#HealthCares #Profit #Beats #Estimates #China #Sales #Struggle
Key takeaways
- Shares of GE HealthCare rose Wednesday morning after the former General Electric division posted profits in the third quarter.
- Revenue was roughly in line with estimates, and roughly flat year over year as the company said weak sales in China persisted.
- Profits rose 25% from a year ago, with CEO Peter Arduini saying the company’s “continued lean initiatives” were working to boost profit margins.
GE HealthCare (GEHC) reported better-than-expected third-quarter earnings as its sales were roughly in line with estimates.
The medical technology maker said Wednesday that it had revenue of $4.86 billion in the quarter, up slightly from $4.82 billion a year ago and roughly in line with analysts’ expectations of $4.87 billion.
GE HealthCare also reported net income of $470 million, up 25% year over year and above analysts’ expectations of $441.8 million, according to estimates compiled by Visible Alpha.
The company’s results are similar to last quarter, when earnings also beat estimates but revenue was roughly flat.

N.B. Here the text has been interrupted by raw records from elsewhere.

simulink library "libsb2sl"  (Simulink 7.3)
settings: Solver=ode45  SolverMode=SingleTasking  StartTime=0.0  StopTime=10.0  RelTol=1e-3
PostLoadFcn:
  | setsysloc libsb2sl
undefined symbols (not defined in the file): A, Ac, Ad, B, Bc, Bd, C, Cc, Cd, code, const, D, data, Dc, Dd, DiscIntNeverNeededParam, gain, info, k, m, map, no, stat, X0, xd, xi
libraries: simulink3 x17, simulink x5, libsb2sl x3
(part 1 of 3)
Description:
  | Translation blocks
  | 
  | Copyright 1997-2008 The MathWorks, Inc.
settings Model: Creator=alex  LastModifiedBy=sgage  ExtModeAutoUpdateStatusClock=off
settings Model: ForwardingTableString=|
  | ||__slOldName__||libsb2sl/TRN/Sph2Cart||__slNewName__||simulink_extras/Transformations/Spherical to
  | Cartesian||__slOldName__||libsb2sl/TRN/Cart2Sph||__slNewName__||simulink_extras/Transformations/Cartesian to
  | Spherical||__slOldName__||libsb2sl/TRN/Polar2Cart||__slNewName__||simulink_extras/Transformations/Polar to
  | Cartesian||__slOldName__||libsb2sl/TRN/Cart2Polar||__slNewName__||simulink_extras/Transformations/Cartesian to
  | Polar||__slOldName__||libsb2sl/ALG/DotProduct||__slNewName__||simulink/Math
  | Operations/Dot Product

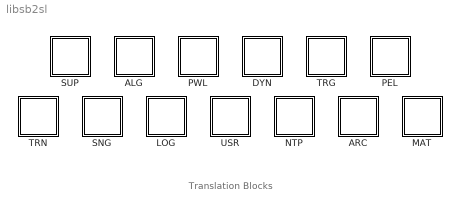
== system libsb2sl ==
  note: Translation Blocks
  ALG : Subsystem
  ARC : Subsystem
  DYN : Subsystem
  LOG : Subsystem
  MAT : Subsystem  AncestorBlock=libsb2sl/ARC
  NTP : Subsystem
  PEL : Subsystem
  PWL : Subsystem
  SNG : Subsystem
  SUP : Subsystem
  TRG : Subsystem
  TRN : Subsystem
  USR : Subsystem

== system libsb2sl/ALG ==
  1VarPoly : S-Function  FunctionName=sb1varpoly  Parameters=COEFF  EnableBusSupport=off  mask(ALG-Palette){COEFF=[1 2]}
      mask prompts: COEFF "Coefficients:"
      mask init:
      | [x,y]=sblibico('polyOneVar');
      mask Display: plot(0,0,1,1,x,y)
  AlgExpression : Subsystem
  CrossProd : Subsystem  mask(ALG-Palette){}
      mask help: Cross-product multiplication.
      mask init:
      | [x,y]=sblibico('crossProduct');
      mask Display: plot(0,0,1,1,x,y)

== system libsb2sl/ARC ==
  BreakPoints : Subsystem  mask(ARC-Palette){BrkPoints=[-1 1;0 2;1 3]}
      mask prompts: BrkPoints "Breakpoint Matrix:"
      mask help: Linear Interpolation.
      mask init:
      | % LinInterp MaskInit code
      | [x,y]=sblibico('linearInterp');
      | in1BrkPoints=BrkPoints(:,1:2:end);
      | outBrkPoints=BrkPoints(:,2:2:end);
      mask Display: plot(0,0,1,1,x,y)
  InterpTable : Subsystem  mask(ARC-Palette){numInp=One, BrkPoints=[-5:5; -5:5; -10:2:10]'}
      mask prompts: numInp "Number of Inputs:"; BrkPoints "Interpolation Table:"
      mask help: Linear Interpolation Table.
      mask init:
      | if (numInp==1)
      | in1BrkPoints=BrkPoints(:,1);
      | in2BrkPoints=[1:size(BrkPoints,2)-1];
      | outBrkPoints=BrkPoints(:,2:end);
      | [x,y]=sblibico('linearInterp');
      | else
      | in1BrkPoints=BrkPoints(1:end-1,1);
      | in2BrkPoints=BrkPoints(end,2:end);
      | outBrkPoints=BrkPoints(1:end-1,2:end);
      | [x,y]=sblibico('bilinearInterp');
      | end
      mask StyleString: popup(One|Two),edit
      mask Display: plot(0,0,1,1,x,y)

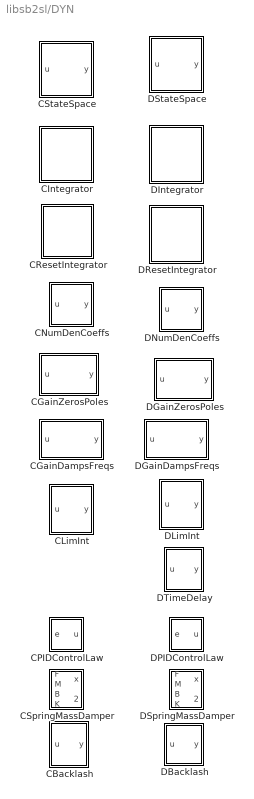
== system libsb2sl/DYN ==
  CBacklash : Subsystem  mask(DYN-Palette){W=1, N=1, X0=0, Wc=1}
      mask prompts: W "Backlash Width:"; N "Backlash Slope:"; X0 "Initial Conditions:"; Wc "Cutoff Frequency:"
      mask help: A non-linear dynamic system that models hysteresis.
      mask init:
      | lb=-0.5*W; ub=-lb;
      | [x,y]=sblibico('backlash');
      mask Display: plot(0,0,1,1,x,y)
  CGainDampsFreqs : Subsystem  mask(DYN-Palette){G=1, Xz=[], Wz=[], Xp=[0.7], Wp=[1], Y0=0}
      mask prompts: G "Gain:"; Xz "Zeros-Damping Ratios:"; Wz "Zeros-Natural Frequencies:"; Xp "Poles-Damping Ratios:"; Wp "Poles-Natural Frequencies:"; Y0 "Initial Output:"
      mask help: Transfer function in damping ratios and natural frequencies.
      mask init:
      | [A,B,C,D]=sblibdrv('CmplxZP',G,Xz,Wz,Xp,Wp,0);
      | if (isempty(Y0)), Y0 = zeros(1,size(C,1)); end;
      | X0=C\Y0;
      | [x,y]=sblibico('gainDampsFreq','cont');
      mask Display: plot(0,0,1,1,x,y)
  CGainZerosPoles : Subsystem  mask(DYN-Palette){K=1, Z=1, P=-1, Y0=0}
      mask prompts: K "Gain:"; Z "Zeros:"; P "Poles:"; Y0 "Initial Output:"
      mask help: Transfer function expressed in real poles and real zeros.
      mask init:
      | [A,B,C,D]=zp2ss(Z,P,K);
      | if (isempty(Y0)), X0 = zeros(1,size(C,1)); end;
      | X0=C\Y0;
      | [x,y]=sblibico('gainZerosPoles','cont');
      mask Display: plot(0,0,1,1,x,y)
  CIntegrator : Subsystem
  CLimInt : Subsystem  mask(DYN-Palette){UB=5, LB=-5, K=1, X0=5}
      mask prompts: UB "Upper Limit:"; LB "Lower Limit:"; K "Gain:"; X0 "Initial condition:"
      mask init:
      | [x,y]=sblibico('limIntegrator','cont');
      mask Display: plot(0,0,1,1,x,y)
  CNumDenCoeffs : Subsystem  mask(DYN-Palette){NU=2, NUM=[1 2;1.1 1], DEN=[0.5  1], Y0=[0.5;0.5]}
      mask prompts: NU "Number of Inputs:"; NUM "Numerator:"; DEN "Denominator:"; Y0 "Initial Output:"
      mask help: Transfer function in numerator-denominator form.
      mask init:
      | if (isempty(NU)), NU=1; end
      | [Ac,Bc,Cc,Dc] = sblibdrv('NumDen',NUM,DEN,NU);
      | if (isempty(Y0)); Y0=zeros(1,size(Cc,1)); end
      | X0=Cc\Y0(:);
      | [x,y]=sblibico('numDenCoeffs','cont');
      mask Display: plot(0,0,1,1,x,y)
  CPIDControlLaw : Subsystem  mask(DYN-Palette){P=1, I=1, D=0, TAU=0, X0=0}
      mask prompts: P "Proportional Gain:"; I "Integral Gain:"; D "Derivative Gain:"; TAU "Derivative Time Constant:"; X0 "Initial Conditions:"
      mask help: PID Control Law.
      mask init:
      | if (exist('X0')==0),X0=[];end
      | [xi,xd]=sblibdrv('pidControl',I,D,TAU,X0);
      | [x,y]=sblibico('pidControl');
      mask Display: plot(0,0,1,1,x,y)
  CResetIntegrator : Subsystem
  CSpringMassDamper : Subsystem  mask(DYN-Palette){X0=[0,0]}
      mask prompts: X0 "Initial Conditions:"
      mask help: Spring Mass Damper.
      mask init:
      | [x,y]=sblibico('springMassDamper');
      mask Display: plot(0,0,1,1,x,y)
  CStateSpace : Subsystem  mask(DYN-Palette){NX=1, SYS=[1 1;1 0], X0=[]}
      mask prompts: NX "Number of States:"; SYS "System Matrix:"; X0 "Initial Conditions:"
      mask help: State-space system.
      mask init:
      | if (~exist('X0','var')), X0=[]; end
      | if isempty(X0), X0=zeros(NX,1); end
      | NX1=NX+1;
      | A=SYS(1:NX,1:NX);
      | B=SYS(1:NX,NX1:end);
      | C=SYS(NX1:end,1:NX);
      | D=SYS(NX1:end,NX1:end);
      | [x,y]=sblibico('stateSpace','cont');
      mask Display: plot(0,0,1,1,x,y)
  DBacklash : Subsystem  mask(DYN-Palette){W=1, N=1, X0=0, TS=1}
      mask prompts: W "Backlash Width:"; N "Backlash Slope:"; X0 "Initial Conditions:"; TS "Sampling Time:"
      mask help: A non-linear dynamic system that models hysteresis.
      mask init:
      | lb=-0.5*W; ub=-lb;
      | [x,y]=sblibico('backlash');
      mask Display: plot(0,0,1,1,x,y)
  DGainDampsFreqs : Subsystem  mask(DYN-Palette){G=1, Xz=[], Wz=[], Xp=0.7, Wp=1, Y0=0, TS=0.1}
      mask prompts: G "Gain:"; Xz "Zeros-Damping Ratios:"; Wz "Zeros-Natural Frequencies:"; Xp "Poles-Damping Ratios:"; Wp "Poles-Natural Frequencies:"; Y0 "Initial Output:"; TS "Sample Time:"
      mask help: Transfer function in damping ratios and natural frequencies.
      mask init:
      | [A,B,C,D]=sblibdrv('CmplxZP',G,Xz,Wz,Xp,Wp,TS(1));
      | if (isempty(Y0)), Y0 = zeros(1,size(C,1)); end;
      | X0=C\Y0;
      | [x,y]=sblibico('gainDampsFreq','disc');
      mask Display: plot(0,0,1,1,x,y)
  DGainZerosPoles : Subsystem  mask(DYN-Palette){K=1, Z=[], P=-1, Y0=0, TS=1}
      mask prompts: K "Gain:"; Z "Zeros:"; P "Poles:"; Y0 "Initial Output:"; TS "Sample Time:"
      mask help: Transfer function expressed in real poles and real zeros.
      mask init:
      | [A,B,C,D]=zp2ss(Z,P,K);
      | if (isempty(Y0)), Y0 = zeros(1,size(C,1)); end;
      | X0=C\Y0;
      | [x,y]=sblibico('gainZerosPoles','disc');
      mask Display: plot(0,0,1,1,x,y)
  DIntegrator : Subsystem
  DLimInt : Subsystem  mask(DYN-Palette){IMODE=ForwardEuler, UB=5, LB=-5, K=1, X0=0, TS=0.1}
      mask prompts: IMODE "Integrator Method:"; UB "Upper Limit:"; LB "Lower Limit:"; K "Gain:"; X0 "Initial Conditions:"; TS "Sampling Period:"
      mask init:
      | method={'ForwardEuler';'BackwardEuler';'Trapezoidal'};
      | set_param([gcb '/Integrator'],'IntegratorMethod',method{IMODE});
      | [x,y]=sblibico('limIntegrator','disc');
      mask StyleString: popup(ForwardEuler|BackwardEuler|Trapezoidal),edit,edit,edit,edit,edit
      mask Display: plot(0,0,1,1,x,y)
  DNumDenCoeffs : Subsystem  mask(DYN-Palette){NU=2, NUM=[1 2;1.1 1], DEN=[0.5  1], Y0=-[0.5;0.5], TS=0.1}
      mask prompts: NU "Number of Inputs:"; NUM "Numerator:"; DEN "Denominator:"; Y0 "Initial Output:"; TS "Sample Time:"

GE HealthCare said at the time that China’s macroeconomic weakness was negatively impacting sales.
In the third quarter, the company said strong sales in the US and pharmaceutical diagnostics segment, where sales grew 6% year-over-year, were offset by “continued market weakness” in China.
Headwinds in China prompted the company to say it is on the lower end of its full-year revenue growth forecast of 1% to 2%. GE HealthCare also raised the lower end of its earnings forecast ranges as CEO Peter Ardoini said the company’s “continued lean initiatives” were improving profit margins.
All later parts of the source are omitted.